Drane had been believed to be of both African-American and Mexican descent, but research by Michael Corcoran for He Is My Story: the Sanctified Soul of Arizona Dranes disproved Mexican heritage.

Her correct last name is "Drane", as listed in the official enrollment record for the 1896–1897 school year at the Texas School for the Blind and Visually Impaired. Her name was spelled "Drane" at school, though she was billed as "Dranes" later in life. Because both parents were illiterate, the surname was written down as it was pronounced. Corcoran's research found a probable cousin named "Doran," which would be pronounced "Drane" in the black southern dialect of the time.

==Career==
After graduating from the Texas Institute, she returned to Sherman for ten years. Around 1922, Dranes joined the Church of God in Christ Church in Wichita Falls. She soon became a favored singer-pianist of the founder, Bishop Charles Mason and was well utilized in the COGIC circles. She incorporated a syncopated, ragtime style in her gospel accompaniment and soon established the songs "I Shall Wear A Crown," "My Soul's a Witness for the Lord," and "Lamb's Blood Has Washed Me Clean" as COGIC standards.

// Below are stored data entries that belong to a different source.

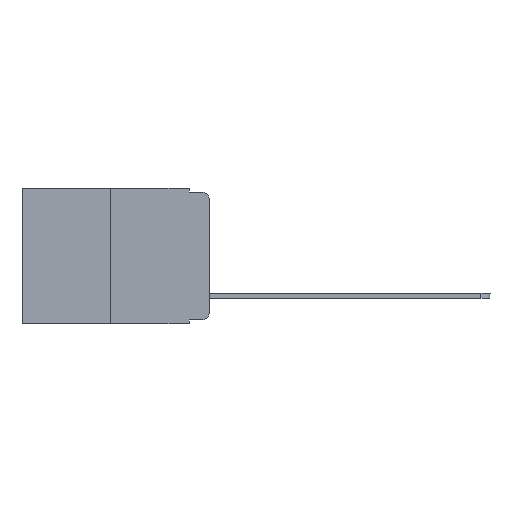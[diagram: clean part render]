
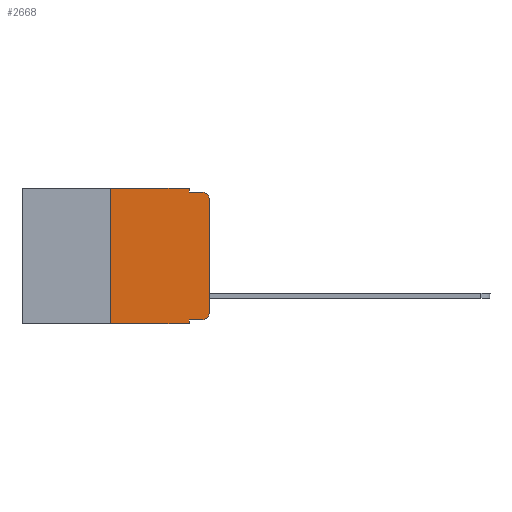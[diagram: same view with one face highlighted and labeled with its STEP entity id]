
A CAD part, left-side view. The second image highlights one B-rep face of the part: STEP entity #2668.
In plain terms, the highlighted planar face has unit normal (-1, 0, 0).
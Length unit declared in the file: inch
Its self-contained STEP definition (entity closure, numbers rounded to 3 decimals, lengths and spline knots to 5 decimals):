
#317 = DIRECTION ( 'NONE',  ( -1., 0., 0. ) ) ;
#358 = ORIENTED_EDGE ( 'NONE', *, *, #7459, .T. ) ;
#402 = ORIENTED_EDGE ( 'NONE', *, *, #2294, .T. ) ;
#863 = ORIENTED_EDGE ( 'NONE', *, *, #3320, .F. ) ;
#881 = CARTESIAN_POINT ( 'NONE',  ( 0., 0.473, -0.343 ) ) ;
#1147 = LINE ( 'NONE', #3301, #3561 ) ;
#1154 = CARTESIAN_POINT ( 'NONE',  ( 0., 0.02, -0.313 ) ) ;
#1240 = DIRECTION ( 'NONE',  ( -1., 0., 0. ) ) ;
#1257 = LINE ( 'NONE', #3370, #1499 ) ;
#1288 = LINE ( 'NONE', #881, #4943 ) ;
#1499 = VECTOR ( 'NONE', #6449, 39.37008 ) ;
#1529 = CARTESIAN_POINT ( 'NONE',  ( 0., 0.02, -0.01 ) ) ;
#1775 = EDGE_CURVE ( 'NONE', #5977, #8705, #2127, .T. ) ;
#1798 = EDGE_CURVE ( 'NONE', #7877, #3378, #8036, .T. ) ;
#1907 = CARTESIAN_POINT ( 'NONE',  ( 0., 0.051, -0.01 ) ) ;
#1947 = ORIENTED_EDGE ( 'NONE', *, *, #1798, .F. ) ;
#2076 = AXIS2_PLACEMENT_3D ( 'NONE', #7761, #4640, #8526 ) ;
#2127 = CIRCLE ( 'NONE', #3899, 0.02 ) ;
#2294 = EDGE_CURVE ( 'NONE', #7877, #5977, #8160, .T. ) ;
#2443 = ORIENTED_EDGE ( 'NONE', *, *, #5687, .F. ) ;
#2533 = DIRECTION ( 'NONE',  ( 0., -1., 0. ) ) ;
#2668 = ADVANCED_FACE ( 'NONE', ( #3818 ), #6858, .F. ) ;
#2673 = VERTEX_POINT ( 'NONE', #6232 ) ;
#3188 = CARTESIAN_POINT ( 'NONE',  ( 0., 0.02, -0.333 ) ) ;
#3193 = EDGE_CURVE ( 'NONE', #8705, #6415, #1257, .T. ) ;
#3301 = CARTESIAN_POINT ( 'NONE',  ( 0., 0.051, 0. ) ) ;
#3320 = EDGE_CURVE ( 'NONE', #2673, #8360, #8263, .T. ) ;
#3370 = CARTESIAN_POINT ( 'NONE',  ( 0., 0., 0. ) ) ;
#3378 = VERTEX_POINT ( 'NONE', #6654 ) ;
#3561 = VECTOR ( 'NONE', #8763, 39.37008 ) ;
#3581 = CARTESIAN_POINT ( 'NONE',  ( 0., 0.25, 0. ) ) ;
#3654 = AXIS2_PLACEMENT_3D ( 'NONE', #5779, #1240, #8826 ) ;
#3690 = LINE ( 'NONE', #6478, #6576 ) ;
#3793 = DIRECTION ( 'NONE',  ( 0., -1., 0. ) ) ;
#3818 = FACE_OUTER_BOUND ( 'NONE', #6429, .T. ) ;
#3899 = AXIS2_PLACEMENT_3D ( 'NONE', #1154, #317, #5790 ) ;
#4037 = EDGE_CURVE ( 'NONE', #8685, #8724, #3690, .T. ) ;
#4077 = EDGE_CURVE ( 'NONE', #8724, #2673, #1147, .T. ) ;
#4094 = VECTOR ( 'NONE', #7372, 39.37008 ) ;
#4276 = DIRECTION ( 'NONE',  ( 0., -1., 0. ) ) ;
#4499 = ORIENTED_EDGE ( 'NONE', *, *, #4037, .F. ) ;
#4640 = DIRECTION ( 'NONE',  ( 1., 0., 0. ) ) ;
#4683 = DIRECTION ( 'NONE',  ( 0., -1., 0. ) ) ;
#4883 = ORIENTED_EDGE ( 'NONE', *, *, #3193, .T. ) ;
#4943 = VECTOR ( 'NONE', #4683, 39.37008 ) ;
#5128 = CARTESIAN_POINT ( 'NONE',  ( 0., 0.051, 0. ) ) ;
#5349 = VERTEX_POINT ( 'NONE', #6794 ) ;
#5687 = EDGE_CURVE ( 'NONE', #5349, #8685, #9071, .T. ) ;
#5779 = CARTESIAN_POINT ( 'NONE',  ( 0., 0.02, -0.03 ) ) ;
#5784 = CARTESIAN_POINT ( 'NONE',  ( 0., 0.25, 0. ) ) ;
#5790 = DIRECTION ( 'NONE',  ( 0., 0., -1. ) ) ;
#5894 = CARTESIAN_POINT ( 'NONE',  ( 0., 0., -0.313 ) ) ;
#5977 = VERTEX_POINT ( 'NONE', #3188 ) ;
#6230 = VECTOR ( 'NONE', #3793, 39.37008 ) ;
#6232 = CARTESIAN_POINT ( 'NONE',  ( 0., 0.051, -0.01 ) ) ;
#6415 = VERTEX_POINT ( 'NONE', #6494 ) ;
#6429 = EDGE_LOOP ( 'NONE', ( #4883, #358, #863, #7918, #4499, #2443, #9307, #1947, #402, #8539 ) ) ;
#6449 = DIRECTION ( 'NONE',  ( 0., 0., 1. ) ) ;
#6478 = CARTESIAN_POINT ( 'NONE',  ( 0., 0.473, 0. ) ) ;
#6494 = CARTESIAN_POINT ( 'NONE',  ( 0., 0., -0.03 ) ) ;
#6576 = VECTOR ( 'NONE', #2533, 39.37008 ) ;
#6654 = CARTESIAN_POINT ( 'NONE',  ( 0., 0.051, -0.343 ) ) ;
#6794 = CARTESIAN_POINT ( 'NONE',  ( 0., 0.25, -0.343 ) ) ;
#6837 = CARTESIAN_POINT ( 'NONE',  ( 0., 0.051, -0.333 ) ) ;
#6858 = PLANE ( 'NONE',  #2076 ) ;
#7032 = VECTOR ( 'NONE', #9742, 39.37008 ) ;
#7183 = VECTOR ( 'NONE', #4276, 39.37008 ) ;
#7372 = DIRECTION ( 'NONE',  ( 0., 0., -1. ) ) ;
#7459 = EDGE_CURVE ( 'NONE', #6415, #8360, #9892, .T. ) ;
#7761 = CARTESIAN_POINT ( 'NONE',  ( 0., 0.473, 0. ) ) ;
#7877 = VERTEX_POINT ( 'NONE', #8717 ) ;
#7918 = ORIENTED_EDGE ( 'NONE', *, *, #4077, .F. ) ;
#8036 = LINE ( 'NONE', #9610, #4094 ) ;
#8160 = LINE ( 'NONE', #6837, #6230 ) ;
#8263 = LINE ( 'NONE', #1907, #7183 ) ;
#8360 = VERTEX_POINT ( 'NONE', #1529 ) ;
#8526 = DIRECTION ( 'NONE',  ( 0., 0., -1. ) ) ;
#8539 = ORIENTED_EDGE ( 'NONE', *, *, #1775, .T. ) ;
#8685 = VERTEX_POINT ( 'NONE', #3581 ) ;
#8705 = VERTEX_POINT ( 'NONE', #5894 ) ;
#8717 = CARTESIAN_POINT ( 'NONE',  ( 0., 0.051, -0.333 ) ) ;
#8724 = VERTEX_POINT ( 'NONE', #5128 ) ;
#8763 = DIRECTION ( 'NONE',  ( 0., 0., -1. ) ) ;
#8826 = DIRECTION ( 'NONE',  ( 0., 0., -1. ) ) ;
#9071 = LINE ( 'NONE', #5784, #7032 ) ;
#9087 = EDGE_CURVE ( 'NONE', #5349, #3378, #1288, .T. ) ;
#9307 = ORIENTED_EDGE ( 'NONE', *, *, #9087, .T. ) ;
#9610 = CARTESIAN_POINT ( 'NONE',  ( 0., 0.051, 0. ) ) ;
#9742 = DIRECTION ( 'NONE',  ( 0., 0., 1. ) ) ;
#9892 = CIRCLE ( 'NONE', #3654, 0.02 ) ;

Dranes introduced piano accompaniment to Holiness music, which had previously been largely a cappella, and accompanied herself in the barrelhouse and ragtime styles popular at the time. She began recording in 1926 with Okeh Records, first as a solo artist and later with choirs and various other artists and groups. She was one of the first professional women gospel singers and sang at COGIC meetings in the Bible Belt, touring Texas, Tennessee, and Oklahoma.

Although she last recorded in 1928, she continued touring through the 1940s. She moved to Los Angeles in 1948 and died there on July 27, 1963. Later gospel artists, such as Roberta Martin and Clara Ward, were heavily influenced by her piano playing; Dranes' nasal singing style also influenced artists such as Sister Rosetta Tharpe.